Testing – tested against live ec2 instances in AWS Console

In simple terms, a VPC is a network and an EC2 instance is like a VM that sit in the network.

Note: Ansible does not run on windows machine, have to test through wsl

Need boto3 – AWS Software Development Kit (SDK) for Python; can interact with AWS EC2 through scripts

pip install boto3 moto[ec2,securityhub,sts] pytest pytest-cov -r requirements.txt

Installs boto3

Commands to set up aws cli and deploy live ec2 instances in README.md

Note: There is a limit to 5 VPCs to each region, change regions if necessary.

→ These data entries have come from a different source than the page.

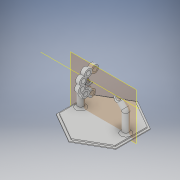
# Autodesk Inventor part: mounter
Saved by Autodesk Inventor 2019 (Build 230136000, 136)
## iProperties
Created: 2018-10-05
Part Number: mounter
Material: Generic
Document SubType Name: Modeling
Designer: HIVE
Density: 1 g/cm^3
Appearance: Default
Author: HIVE
Autodesk Inventor part; units mm, degrees
ref_plane "XZ Plane" through (0, 0, 0) normal (0, 1, 0) x (-1, 0, 0)
sketch "Sketch2" plane through (0, 0, 0) normal (0, 0, 1) x (1, 0, 0)
  line L0 (0, 0) -> (-38.9815, 0)
  line L1 (-46.3001, 0) -> (-38.9815, 0)
  arc A0 (-49.7315, 70) -> (-38.9815, 59.25) centre (-38.9815, 70) ccw
  line L2 (-49.7315, 70) -> (-28.2315, 70)
  arc A1 (-45.7315, 70) -> (-45.0282, 66.9999) centre (-38.9815, 70) ccw
  line L3 (-38.9815, 70) -> (-32.2315, 70) construction
  line L4 (-38.9815, 70) -> (-45.7315, 70) construction
  arc A2 (-38.9815, 59.25) -> (-28.2315, 70) centre (-38.9815, 70) ccw
  line L5 (-38.9815, 0) -> (-31.6629, 0)
  arc A3 (-45.0282, 66.9999) -> (-32.2618, 69.3616) centre (-38.9815, 70) ccw
  arc A4 (-32.2618, 69.3616) -> (-32.2315, 70) centre (-38.9815, 70) ccw
  line L6 (-49.7315, 70) -> (-38.9815, 59.25)
  line L7 (-49.7315, 48.5) -> (-60.4815, 59.25)
  line L8 (-60.4815, 59.25) -> (-49.7315, 70)
  line L9 (-38.9815, 59.25) -> (-49.7315, 48.5)
  line L10 (-49.7315, 48.5) -> (-64.9343, 48.5)
  line L11 (-64.9343, 48.5) -> (-64.9343, 0)
  line L12 (-64.9343, 0) -> (-49.7315, 0)
  line L13 (-49.7315, 0) -> (-49.7315, 48.5)
  arc A5 (-60.4815, 59.25) -> (-64.9343, 48.5) centre (-49.7315, 48.5) ccw
  line L14 (-49.7315, 70) -> (-49.7315, 48.5) construction
  line L15 (-38.9815, 70) -> (-38.9815, 0) construction
  line L16 (-44.3565, 64.625) -> (-55.1065, 53.875)
  line L17 (-57.3329, 48.5) -> (-57.3329, 0)
  arc A6 (-55.1065, 53.875) -> (-57.3329, 48.5) centre (-49.7315, 48.5) ccw
  dimension "d1" = 38.9815
  dimension "d2" = 180
  dimension "d3" = 6.75
  dimension "d4" = 4
  dimension "d5" = 70
  dimension "d32" = 90
  constraints: 37 end point, 14 point on circle, 7 centre point, 4 midpoint, 4 perpendicular, 3 coincident, 3 collinear, 3 horizontal, 2 parallel, 2 point on line, 2 vertical
  measures "d1" distance of L0.start L0.end
  measures "d2" angle of L4 L3
  measures "d3" radius of A1
  measures "d4" radial gap between concentric circles of A0 A1
  measures "d5" distance between parallel lines of L0 L2
revolve "Revolution1" add sketch "Sketch2" angle 55 mid plane about axis through (-49.7315, 70, 0) along (1, 0, 0) contours L6 L16 A0 | L2 A1 A3 A4 A2 L6 | L16 L6 A0
sketch "Sketch3" plane through (0, 0, 0) normal (0, 1, 0) x (-1, 0, 0)
  circle A0 centre (0, 0) radius 87.5
  circle A1 centre (38.9815, 0) radius 7.3186 projected
  line L0 (0, -87.5) -> (-75.7772, -43.75)
  line L1 (-75.7772, -43.75) -> (-75.7772, 43.75)
  line L2 (-75.7772, 43.75) -> (0, 87.5)
  line L3 (0, 87.5) -> (75.7772, 43.75)
  line L4 (75.7772, 43.75) -> (75.7772, -43.75)
  line L5 (75.7772, -43.75) -> (0, -87.5)
  line L6 (-70.7772, -40.8632) -> (0, -81.7265)
  line L7 (0, -81.7265) -> (70.7772, -40.8632)
  line L8 (70.7772, -40.8632) -> (70.7772, 40.8632)
  line L9 (70.7772, 40.8632) -> (0, 81.7265)
  line L10 (0, 81.7265) -> (-70.7772, 40.8632)
  line L11 (-70.7772, 40.8632) -> (-70.7772, -40.8632)
  dimension "d14" = 175
  dimension "d15" = 5
  constraints: 24 end point, 2 coincident, 1 vertical, 1 vertical alignment, 20 other
  measures "d15" distance between parallel lines of L0 L6
extrude "Extrusion3" add sketch "Sketch3" against normal blind 5 contours A1 | L11 L10 L9 L8 L7 L6
extrude "Extrusion4" add sketch "Sketch3" along normal blind 2 from surface at -5 contours L4 L5 L0 L1 L2 L3
sketch "Sketch7" plane through (0, 0, 0) normal (0, 1, 0) x (-1, 0, 0)
  circle A0 centre (57.3329, 0) radius 7.6014
  line L0 (64.9343, 0) -> (49.7315, 0) projected
  point P0 (0, 0)
  point P1 (49.7315, 0)
  constraints: 2 point on circle, 1 centre point, 1 midpoint
sweep "Sweep1" add profiles "Sketch7" path "Sketch2" path curves L17 A6 L16
ref_plane "Work Plane1" through (-38.9815, 70, 0) normal (1, 0, 0) x (0, 1, 0)
sketch "Sketch8" plane through (-38.9815, 70, 0) normal (1, 0, 0) x (0, 1, 0)
  point P0 (-70, 0)
sketch "Sketch10" plane through (-38.9815, 70, 0) normal (1, 0, 0) x (0, 1, 0)
  line L0 (0, 0) -> (-25, 0) construction
  circle A0 centre (-25, 0) radius 5.5
  circle A1 centre (-25, 0) radius 9.5
  circle A2 centre (0, 0) radius 25 construction
  circle A3 centre (-19.2628, 15.9356) radius 9.5
  circle A4 centre (-19.2628, 15.9356) radius 5.5
  circle A5 centre (-4.6845, 24.5572) radius 9.5
  circle A6 centre (-4.6845, 24.5572) radius 5.5
  circle A7 centre (12.0438, 21.9077) radius 9.5
  circle A8 centre (12.0438, 21.9077) radius 5.5
  circle A9 centre (23.2444, 9.2031) radius 9.5
  circle A10 centre (23.2444, 9.2031) radius 5.5
  circle A11 centre (23.7764, -7.7254) radius 9.5
  circle A12 centre (23.7764, -7.7254) radius 5.5
  point P0 (-70, 0)
  dimension "d38" = 11
  dimension "d39" = 4
  dimension "d42" = 198
  dimension "d49" = 25
  constraints: 12 centre point, 2 coincident, 2 end point, 1 horizontal, 1 horizontal alignment, 18 other
  measures "d38" diameter of A0
  measures "d39" radial gap between concentric circles of A0 A1
  measures "d49" distance of L0.start L0.end
extrude "Extrusion7" add sketch "Sketch10" along normal blind 10
extrude "Extrusion8" cut sketch "Sketch10" against normal through all contours A0
extrude "Extrusion9" [suppressed]
fillet "Fillet5" radius 5 1 edges at (-49.7315, 0, 0)
mirror "Mirror4" about plane through (0, 0, 0) normal (1, 0, 0) of "Sweep1", "Revolution1", "Fillet5"
equation "\"d1\" = 0.5 * ballDist"
equation "\"d3\" = 0.5 * ballDiam + clearance"
equation "\"ballDist\" = 77.963"
equation "\"ballDiam\" = 12.7"
equation "\"clearance\" = 0.4"
body "Solid1"

Step 1) Create a VPC > Enable DNS hostnames > Create a subnet > Create and attach an Internet Gateway > add route to the internet

What it looks like in AWS console

VPC created:

vpc1

Subnet & Routing table:

subrout

Step 2) Create security groups – 1 deliberately bad/misconfigured – with open SSH (22 port) RDP (3389 port) and default All traffic egress rule and 1 clean one with port 443 (HTTPS)

sg1

Good – 443 allows only trusted ips; uses end-to-end encryption (via TLS/SSL); allows stateful filtering meaning inbound traffic and outbound traffic on port 443 is allowed

sg2

Bad – Rule that allows unrestricted internet access (0.0.0.0/0 or ::/0) on admin ports like SSH (22) or RDP (3389)

sg3

Bad – All traffic allowed to go outbound

Step 3) Launch ec2 instances

ins1

(1) SG Auditor

python3 auditor/sg_auditor.py \ 
--regions us-east-2 \ 
--output test_findings.json

This posts findings to Security Hub and writes the full ASFF JSON to test_findings.json

sgaud1

(2) Gap Analyzer

python3 gap_analyzer/nist_800_207.py \
  --region us-east-2 \
  --output test_report_ai.md \
  --json-output test_scores_ai.json

gp1

(3) Zeek Log analyzer

python3 zeek/analyzer.py \
  --conn zeek/tests/fixtures/conn.log \
  --dns zeek/tests/fixtures/dns.log \
  --output zeek_findings.ndjson \
  --min-severity low

zlog1

(4) AI reviews – sg_diff

Take a current state of the bad SG

aws ec2 describe-security-groups \
  --group-ids $BAD_SG_ID \
  --region us-east-2 \
  --output json > /tmp/sg_before.json
echo "Before snapshot saved"
cat /tmp/sg_before.json | python3 -m json.tool | head -30

Rule modification - remove RDP rule

aws ec2 revoke-security-group-ingress \
  --group-id $BAD_SG_ID \
  --protocol tcp \
  --port 3389 \
  --cidr 0.0.0.0/0 \
  --region us-east-2
echo "RDP rule removed"

Do a dry run or use claude

python3 reviewer/sg_diff.py \
  --before /tmp/sg_before.json \
  --after  /tmp/sg_after.json \
  --instance zt-target \
  --role app \
  --env test \
  --owner yourself \
  --dry-run

To run with claude, change last line: —output /tmp/review_findings.json

huh1

This article is a basic overview of firewalls, principles, and the AWS console with an implementation of the ZTA principles by hardening. Thank you for reading, if you’d like to try it please clone my repo and use the commands in the README.md. The goal is to understand what a good SG policy looks like and work with live ec2 instances to understand the AWS console. Remember to delete the instances after as there are open ssh port 22 connections open which leave those instances vulnerable.